One thing I will say is that when I started out having kids I was way more "lay off the intervention etc etc" and a little more wary of HCPs etc after reading various horror stories. But by #3 I felt able to put trust in the team around me and make use of them and it paid off.

NameChange30 · 22/10/2017 09:49

Witsender
I'm glad you had excellent care and a positive experience with your third birth. But I think you were very lucky to have two senior midwives with you as I believe it's rare. I also wonder if they took you more seriously because it was your third child and you had raised concerns based on previous births. It is my belief (and experience) that midwives can be extremely dismissive of women who are giving birth for the first time.

GuntyMcGee · 22/10/2017 09:55

OP, while I want to say 'your body, your birth' I do need to point out that if you don't feel supported by your DH, it will affect your labour. If you're worried about how he's feeling or if he's obviously stressed out, your labour will suffer.

Stress hormones will prevent your labour hormones from working effectively, increasing the potential for you to transfer to hospital. You've got to have someone with you who is comfortable with home birth and who can minimise their own stress and feelings to support you. Can your DH do that?

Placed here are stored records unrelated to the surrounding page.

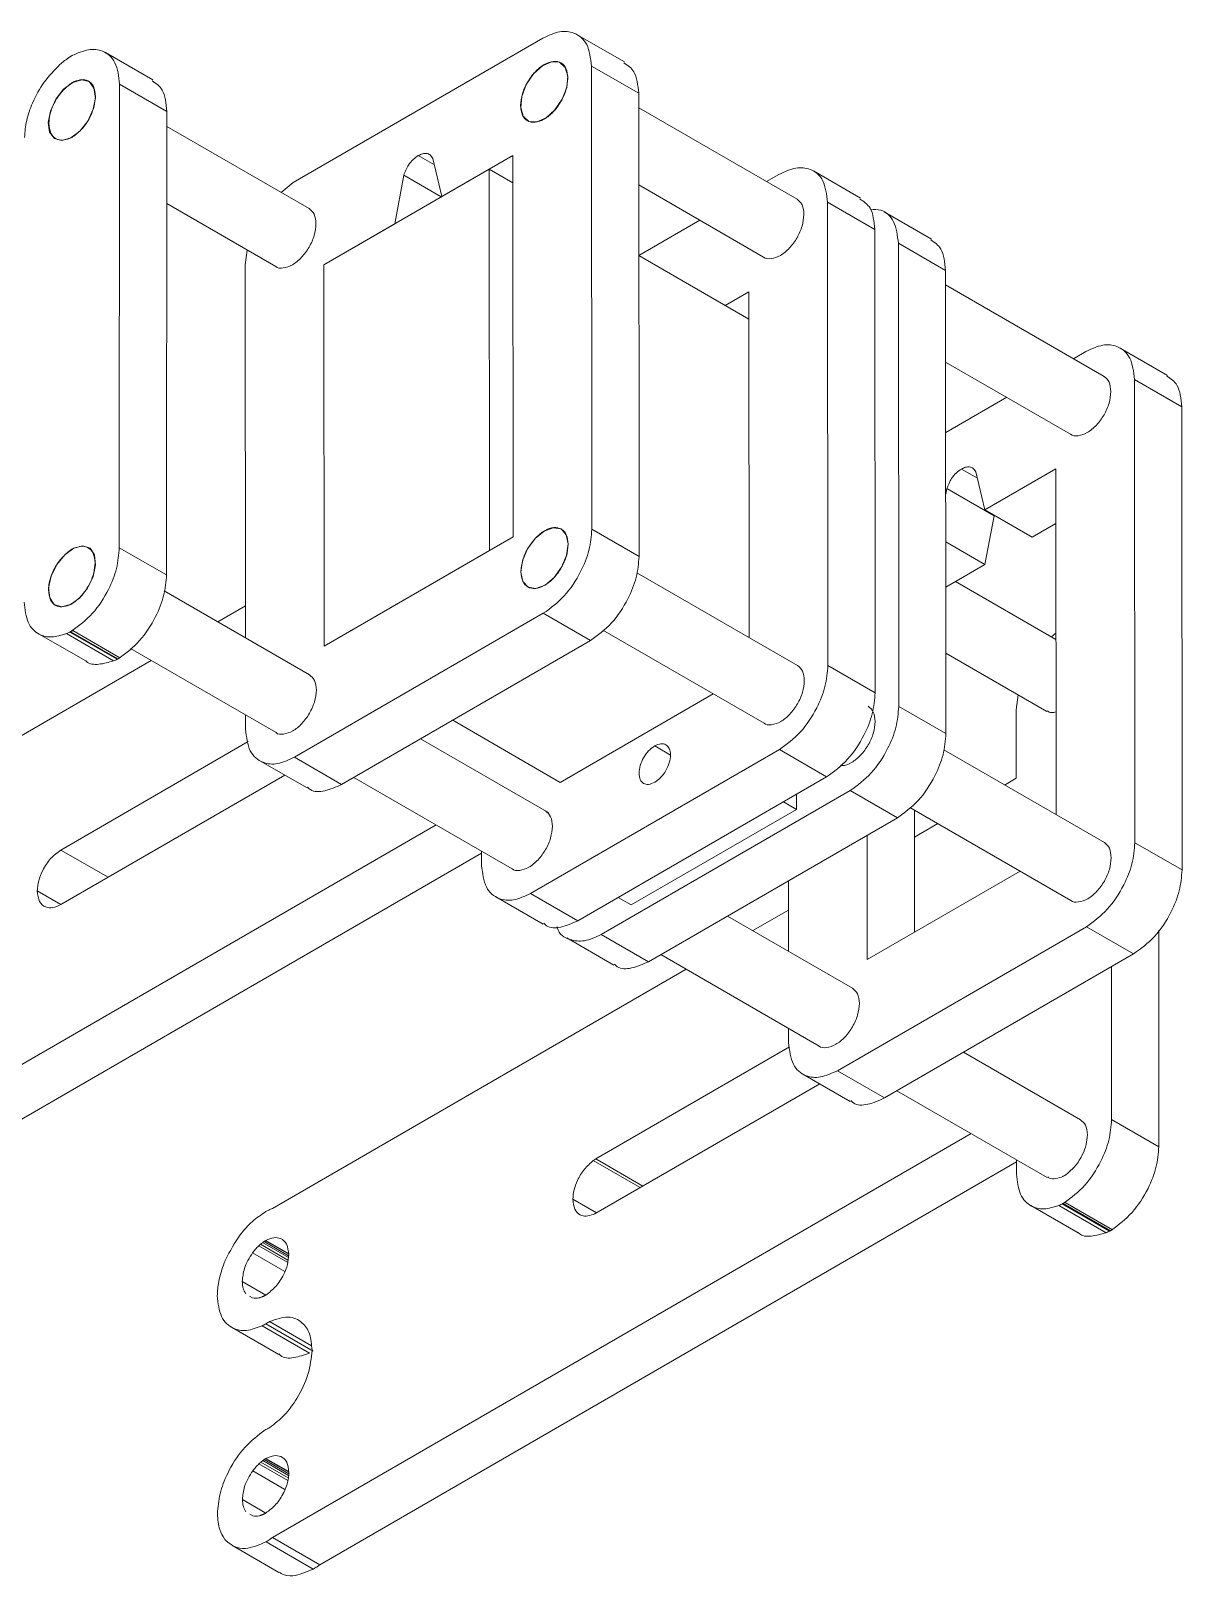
# Model space of a CAD drawing. Header units: inches. Extents: x 0 to 44.3, y 0 to 33.7.
# Drawn here: x 12.546 to 14.701, y 12.917 to 15.81 of the extents above; entities that cross this region are included whole.
import ezdxf

# ---------------------------------------------------------------- set-up
doc = ezdxf.new("R2010")
doc.units = ezdxf.units.IN
doc.header["$MEASUREMENT"] = 0

msp = doc.modelspace()

# ---------------------------------------------------------------- linework, layer by layer
at = {"color": 7, "linetype": 'Continuous', "lineweight": 15}
for p, q in [((13.5044, 15.7964), (13.0369, 15.5261)), ((13.6571, 15.7518), (13.5687, 15.8028)), ((12.774, 15.7182), (12.6856, 15.7692)), ((12.6223, 15.7633), (12.6209, 15.7625)), ((12.6239, 15.7643), (12.6214, 15.7629)), ((12.6214, 15.7629), (12.6215, 15.7628)), ((13.596, 14.8769), (13.5953, 15.7441)), ((13.5953, 15.7441), (13.6837, 15.6931)), ((12.6231, 15.7129), (12.6227, 15.7126)), ((12.6272, 15.715), (12.6272, 15.715)), ((12.7116, 14.8424), (12.7122, 15.7103)), ((12.7122, 15.7103), (12.8006, 15.6593)), ((13.6844, 14.8259), (13.6837, 15.6931)), ((12.8, 14.7914), (12.8006, 15.6593)), ((13.9802, 15.4948), (13.6837, 15.666)), ((13.0668, 15.4773), (12.8006, 15.631)), ((12.6226, 15.6105), (12.6231, 15.6108)), ((13.3155, 15.5), (13.2985, 15.5712)), ((13.4481, 15.5767), (13.3155, 15.5)), ((13.4486, 14.8626), (13.4481, 15.5767)), ((13.0945, 15.3722), (13.4039, 15.5512)), ((13.244, 15.5398), (13.2271, 15.4489)), ((13.244, 15.5398), (13.3142, 15.4993)), ((13.4481, 15.5256), (13.4039, 15.5512)), ((13.4039, 15.5512), (13.4044, 14.837)), ((13.9463, 15.5413), (13.923, 15.5278)), ((14.099, 15.4967), (14.0107, 15.5477)), ((13.0369, 15.5261), (13.0146, 15.5074)), ((13.6838, 15.5216), (13.9176, 15.3866)), ((12.8005, 15.4867), (13.0043, 15.3691)), ((14.0379, 14.6218), (14.0372, 15.4891)), ((14.0372, 15.4891), (14.1256, 15.4381)), ((13.2271, 15.4489), (13.0945, 15.3722)), ((13.7981, 15.4556), (13.6839, 15.3895)), ((14.2316, 15.4201), (14.1432, 15.4712)), ((14.1263, 14.5708), (14.1256, 15.4381)), ((12.9511, 15.3997), (12.9471, 15.3721)), ((14.1705, 14.5452), (14.1698, 15.4124)), ((14.1698, 15.4124), (14.2582, 15.3614)), ((12.9471, 15.3721), (12.9477, 14.6736)), ((13.0951, 14.6581), (13.0945, 15.3722)), ((13.89, 15.2705), (13.6839, 15.3895)), ((14.2589, 14.4942), (14.2582, 15.3614)), ((14.5547, 15.1632), (14.2582, 15.3343)), ((13.89, 15.3216), (13.8458, 15.296)), ((13.8905, 14.6741), (13.89, 15.3216)), ((14.2583, 15.1899), (14.4922, 15.0549)), ((14.5209, 15.2096), (14.4976, 15.1962)), ((14.6735, 15.165), (14.5852, 15.216)), ((14.6124, 14.2901), (14.6118, 15.1573)), ((14.6118, 15.1573), (14.7002, 15.1063)), ((14.3727, 15.1239), (14.2585, 15.0579)), ((14.7008, 14.2391), (14.7002, 15.1063)), ((14.4645, 14.9899), (14.3319, 14.9132)), ((14.465, 14.3424), (14.4645, 14.9899)), ((14.3319, 14.9132), (14.3149, 14.9844)), ((14.2605, 14.953), (14.2585, 14.9427)), ((14.2605, 14.953), (14.3488, 14.902)), ((14.3319, 14.9132), (14.4203, 14.8622)), ((14.3488, 14.902), (14.3319, 14.8111)), ((13.596, 14.8769), (13.6844, 14.8259)), ((14.4646, 14.8878), (14.4203, 14.8622)), ((12.7116, 14.8424), (12.8, 14.7914)), ((13.0951, 14.6581), (13.4486, 14.8626)), ((14.2586, 14.8534), (14.3319, 14.8111)), ((12.6225, 14.8393), (12.622, 14.839)), ((13.4044, 14.837), (13.0951, 14.6581)), ((13.9808, 14.6219), (13.6801, 14.7955)), ((14.3319, 14.8111), (14.2587, 14.7687)), ((13.0674, 14.6045), (12.7958, 14.7613)), ((14.4648, 14.6703), (14.2764, 14.779)), ((12.622, 14.7369), (12.6225, 14.7372)), ((12.9476, 14.7333), (12.896, 14.7034)), ((13.0392, 14.45), (13.5052, 14.7195)), ((13.5052, 14.7195), (13.5936, 14.6685)), ((12.5603, 14.6813), (12.6487, 14.6303)), ((12.6125, 14.6815), (12.7009, 14.6305)), ((12.6189, 14.6844), (12.7073, 14.6334)), ((12.6207, 14.6851), (12.6243, 14.6872)), ((12.6207, 14.6851), (12.7091, 14.6341)), ((12.6214, 14.6857), (12.6223, 14.6862)), ((12.6243, 14.6872), (12.7127, 14.6362)), ((13.1276, 14.399), (13.5936, 14.6685)), ((13.6166, 14.6878), (13.9183, 14.5137)), ((14.4648, 14.6824), (14.4638, 14.6817)), ((12.7323, 14.6536), (13.005, 14.4962)), ((14.2588, 14.6449), (14.4475, 14.5359)), ((12.7711, 14.6312), (11.9964, 14.1831)), ((12.7091, 14.6341), (12.7127, 14.6362)), ((14.0379, 14.6218), (14.1263, 14.5708)), ((13.537, 14.403), (13.8233, 14.5685)), ((14.3938, 14.5669), (14.3904, 14.5389)), ((12.9478, 14.5292), (12.9478, 14.5026)), ((14.1705, 14.5452), (14.2589, 14.4942)), ((14.3904, 14.5389), (14.3905, 14.4106)), ((13.537, 14.403), (13.3356, 14.5193)), ((12.953, 14.4792), (12.6021, 14.2762)), ((13.5156, 14.3458), (13.2754, 14.4845)), ((12.9745, 14.4436), (13.0629, 14.3925)), ((13.0392, 14.45), (13.1276, 14.399)), ((13.4812, 14.1949), (13.9472, 14.4644)), ((13.9472, 14.4644), (14.0355, 14.4134)), ((14.5553, 14.2903), (14.2546, 14.4639)), ((12.6022, 14.1742), (13.0213, 14.4166)), ((13.1505, 14.4122), (13.4469, 14.2411)), ((13.5695, 14.1439), (14.0355, 14.4134)), ((14.3905, 14.4106), (14.3687, 14.398)), ((13.6137, 14.1183), (14.0798, 14.3879)), ((13.9791, 14.3523), (13.979, 14.3807)), ((14.0798, 14.3879), (14.1681, 14.3368)), ((13.9791, 14.3523), (13.6697, 14.1734)), ((13.9545, 14.3665), (13.9791, 14.3523)), ((14.1912, 14.3562), (14.4928, 14.182)), ((14.1997, 14.3513), (14.1998, 14.1224)), ((11.9968, 13.567), (13.3045, 14.3233)), ((13.7021, 14.0673), (14.1681, 14.3368)), ((14.2438, 14.3258), (14.1997, 14.3003)), ((14.1113, 14.304), (14.1115, 14.0713)), ((12.0852, 13.516), (13.3897, 14.2704)), ((13.3897, 14.2741), (13.3897, 14.2475)), ((14.6124, 14.2901), (14.7008, 14.2391)), ((14.1115, 14.0713), (14.3978, 14.2369)), ((13.964, 14.2188), (13.9641, 14.0868)), ((13.4165, 14.1885), (13.5049, 14.1375)), ((13.4812, 14.1949), (13.5695, 14.1439)), ((13.6697, 14.1734), (13.6451, 14.1876)), ((14.0839, 14.0177), (13.8499, 14.1528)), ((13.9641, 14.164), (13.8973, 14.1254)), ((13.6137, 14.1183), (13.7021, 14.0673)), ((14.0556, 13.8632), (14.5217, 14.1327)), ((14.5217, 14.1327), (14.6101, 14.0817)), ((14.6574, 13.7208), (14.6571, 14.1261)), ((13.5491, 14.1119), (13.6375, 14.0609)), ((13.725, 14.0806), (14.0214, 13.9094)), ((14.144, 13.8122), (14.6101, 14.0817)), ((13.7724, 14.0532), (12.9981, 13.6054)), ((14.569, 13.7718), (14.5688, 14.0578)), ((13.9643, 13.9424), (13.9643, 13.9158)), ((13.966, 13.9079), (13.6034, 13.6982)), ((14.5107, 13.7713), (14.2918, 13.8977)), ((14.0556, 13.8632), (14.144, 13.8122)), ((13.6035, 13.5962), (14.0225, 13.8386)), ((13.991, 13.8568), (14.0794, 13.8057)), ((14.1669, 13.8254), (14.4482, 13.6631)), ((14.569, 13.7718), (14.6574, 13.7208)), ((12.9986, 12.9893), (14.3058, 13.7453)), ((13.087, 12.9383), (14.391, 13.6924)), ((14.391, 13.6961), (14.391, 13.6695)), ((14.4795, 13.6662), (14.48, 13.6665)), ((14.4177, 13.6106), (14.5061, 13.5595)), ((14.4701, 13.6109), (14.5585, 13.5598)), ((14.4765, 13.6138), (14.5649, 13.5627)), ((14.4782, 13.6144), (14.4819, 13.6165)), ((14.4782, 13.6144), (14.5666, 13.5634)), ((14.479, 13.615), (14.4799, 13.6155)), ((14.4819, 13.6165), (14.5703, 13.5655)), ((12.9825, 13.5432), (13.0284, 13.5166)), ((12.9858, 13.5452), (12.985, 13.5447)), ((12.9858, 13.5452), (13.0284, 13.5206)), ((14.5666, 13.5634), (14.5703, 13.5655)), ((12.9554, 13.4412), (12.9611, 13.4376)), ((12.9851, 13.4427), (12.9859, 13.4432)), ((12.9215, 13.3828), (13.0099, 13.3318)), ((12.9792, 13.3856), (13.0675, 13.3346)), ((12.9859, 13.3892), (13.0743, 13.3382)), ((12.9927, 13.3935), (13.071, 13.3483)), ((12.9828, 13.1351), (13.0288, 13.1085)), ((12.9861, 13.1371), (12.9853, 13.1367)), ((12.9861, 13.1371), (13.0287, 13.1125)), ((12.9557, 13.0331), (12.9615, 13.0295)), ((12.9854, 13.0346), (12.9862, 13.0351)), ((12.9219, 12.9748), (13.0103, 12.9237)), ((12.9863, 12.9811), (13.0746, 12.9301)), ((12.9986, 12.9893), (13.087, 12.9383))]:
    msp.add_line(p, q, dxfattribs=at)
at = {"color": 8, "linetype": 'Continuous', "lineweight": 15}
for p, q in [((13.4627, 15.6703), (13.4628, 15.6702)), ((13.2712, 15.5765), (13.3014, 15.5591)), ((14.2877, 14.9897), (14.3178, 14.9723)), ((13.4634, 14.7974), (13.4634, 14.7974)), ((13.7138, 14.4712), (13.7433, 14.4542)), ((12.6021, 14.2762), (12.6904, 14.2253)), ((12.558, 14.1997), (12.6021, 14.1742)), ((13.5988, 13.695), (13.6866, 13.6443)), ((13.6034, 13.6982), (13.6917, 13.6472)), ((13.5605, 13.6224), (13.6047, 13.5969)), ((12.9797, 13.5412), (13.028, 13.5134)), ((12.985, 13.5447), (13.0287, 13.5196)), ((12.9611, 13.5222), (13.0213, 13.4874)), ((12.9727, 13.5353), (13.0267, 13.5041)), ((12.9761, 13.5383), (13.0273, 13.5087)), ((12.9417, 13.4686), (12.9858, 13.4431)), ((12.9853, 13.1367), (13.029, 13.1115)), ((12.9614, 13.1141), (13.0216, 13.0793)), ((12.973, 13.1272), (13.027, 13.096)), ((12.9764, 13.1302), (13.0277, 13.1006)), ((12.98, 13.1331), (13.0283, 13.1053)), ((12.942, 13.0605), (12.9861, 13.035))]:
    msp.add_line(p, q, dxfattribs=at)
at = {"color": 7, "linetype": 'Continuous', "lineweight": 15, "flags": 128}
for points in [[(13.5036, 15.7448), (13.5207, 15.7523), (13.5357, 15.7512), (13.5464, 15.7417), (13.551, 15.7252), (13.549, 15.7042), (13.5405, 15.682), (13.527, 15.6619), (13.5104, 15.6469), (13.4932, 15.6394), (13.4782, 15.6405), (13.4676, 15.65), (13.4629, 15.6665), (13.465, 15.6874), (13.4734, 15.7097), (13.487, 15.7298), (13.5036, 15.7448)], [(12.6668, 15.6849), (12.6627, 15.6632), (12.6525, 15.6412), (12.6378, 15.6224), (12.6207, 15.6095), (12.604, 15.6045), (12.5901, 15.6082), (12.5811, 15.6201), (12.5785, 15.6382), (12.5825, 15.6599), (12.5927, 15.6819), (12.6074, 15.7007), (12.6245, 15.7136), (12.6412, 15.7186), (12.6552, 15.7149), (12.6641, 15.703), (12.6668, 15.6849)], [(13.4634, 14.7965), (13.4665, 14.8179), (13.4758, 14.84), (13.4899, 14.8595), (13.5068, 14.8735), (13.5238, 14.8798), (13.5383, 14.8774), (13.5481, 14.8667), (13.5518, 14.8494), (13.5487, 14.828), (13.5394, 14.8059), (13.5253, 14.7864), (13.5084, 14.7724), (13.4914, 14.7661), (13.4769, 14.7685), (13.4671, 14.7792), (13.4634, 14.7965)], [(12.5945, 14.8109), (12.6096, 14.8293), (12.6267, 14.8416), (12.6433, 14.8458), (12.6568, 14.8413), (12.6653, 14.8288), (12.6673, 14.8102), (12.6627, 14.7884), (12.652, 14.7666), (12.637, 14.7481), (12.6199, 14.7359), (12.6033, 14.7317), (12.5897, 14.7362), (12.5813, 14.7487), (12.5792, 14.7672), (12.5839, 14.7891), (12.5945, 14.8109)]]:
    msp.add_lwpolyline(points, dxfattribs=at)
at = {"color": 7, "linetype": 'Continuous', "lineweight": 15}
for points, knots in [([(13.5953, 15.7441), (13.5935, 15.7587), (13.5901, 15.7874), (13.5658, 15.8075), (13.5361, 15.811), (13.5151, 15.8014), (13.5044, 15.7964)], [0, 0, 0, 0, 0.283704, 0.557917, 0.775026, 1, 1, 1, 1]), ([(12.7122, 15.7103), (12.7105, 15.7248), (12.7071, 15.7533), (12.6833, 15.7736), (12.6541, 15.7775), (12.6334, 15.7683), (12.6228, 15.7636)], [0, 0, 0, 0, 0.283859, 0.558131, 0.775209, 1, 1, 1, 1]), ([(12.6002, 15.7468), (12.5901, 15.7364), (12.57, 15.7158), (12.5492, 15.678), (12.5365, 15.6417), (12.535, 15.6211), (12.5342, 15.6106)], [0, 0, 0, 0, 0.279528, 0.55585, 0.7747, 1, 1, 1, 1]), ([(12.6079, 15.7533), (12.6064, 15.7521), (12.6038, 15.75), (12.6013, 15.7478), (12.6002, 15.7468)], [0, 0, 0, 0, 0.562935, 1, 1, 1, 1]), ([(12.6141, 15.7579), (12.613, 15.7571), (12.6109, 15.7556), (12.6088, 15.754), (12.6079, 15.7533)], [0, 0, 0, 0, 0.558837, 1, 1, 1, 1]), ([(12.6183, 15.7608), (12.6175, 15.7602), (12.6161, 15.7593), (12.6148, 15.7584), (12.6141, 15.7579)], [0, 0, 0, 0, 0.559064, 1, 1, 1, 1]), ([(12.6209, 15.7625), (12.6204, 15.7622), (12.6195, 15.7617), (12.6187, 15.761), (12.6183, 15.7608)], [0, 0, 0, 0, 0.558983, 1, 1, 1, 1]), ([(12.6214, 15.7629), (12.6216, 15.763), (12.6219, 15.7632), (12.6222, 15.7633), (12.6223, 15.7633)], [0, 0, 0, 0, 0.55489, 1, 1, 1, 1]), ([(12.6228, 15.7636), (12.623, 15.7637), (12.6233, 15.764), (12.6237, 15.7642), (12.6239, 15.7643)], [0, 0, 0, 0, 0.5307537, 1, 1, 1, 1]), ([(13.5511, 15.7214), (13.5504, 15.7278), (13.5491, 15.7404), (13.5388, 15.7513), (13.5244, 15.7543), (13.5069, 15.7482), (13.4894, 15.734), (13.4749, 15.7143), (13.4647, 15.6916), (13.4634, 15.6775), (13.4627, 15.6703)], [0, 0, 0, 0, 0.1272008, 0.25, 0.3727992, 0.5, 0.6272008, 0.75, 0.8727992, 1, 1, 1, 1]), ([(13.6837, 15.6931), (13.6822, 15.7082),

With home birth, you will get two midwives. With home birth any deviation from normal labour progression will mean a transfer into hospital and home birth midwives have a very low threshold for what constitutes deviation from normal.

The midwife will know how long it will take to transfer and it's likely that she would be calling earlier for transfer rather than later no matter where you live in relation to the hospital.

Ambulances are not in standby for home births in any area. The ambulance service nationwide are incredibly stretched. However, maternity calls will take priority and the service will send 2 ambulances -one for you, one for baby- if called out to a maternity call.

However, you have to take into account that with the best will in the world, with early recognition of a deviation, with early action, with a rapid response from the ambulance, there will always be a delay in access to help when compared to labouring in a hospital. That is one of the risks of home birth.

All labour and birth is unpredictable and you will have to balance the risks and benefits to you and your baby and your DH should have his opinion heard too.

I think you need to speak to your midwife again, with your DH present and get him to actively voice his concerns and ask questions. If the MW can reassure him he may come around, but he may not and you will both need to come to a compromise somehow. This decision affects him too.

But don't birth at home under the impression that there's an ambulance sat somewhere waiting for you to transfer if needed, because the NHS and ambulance services just cannot facilitate that. You'll get the nearest free ambulance, the same as you would if you had a cardiac arrest.

GlitterGlue · 22/10/2017 12:25

The ambulance standby thing - don't they have locations away from the ambulance station where ambulances and crew can wait for a call? So they're not necessarily having to drive 30 mins from the station to the house. Could that be what she meant?

However, the chances of one idling at the standby location at exactly the time you need it is pretty slim.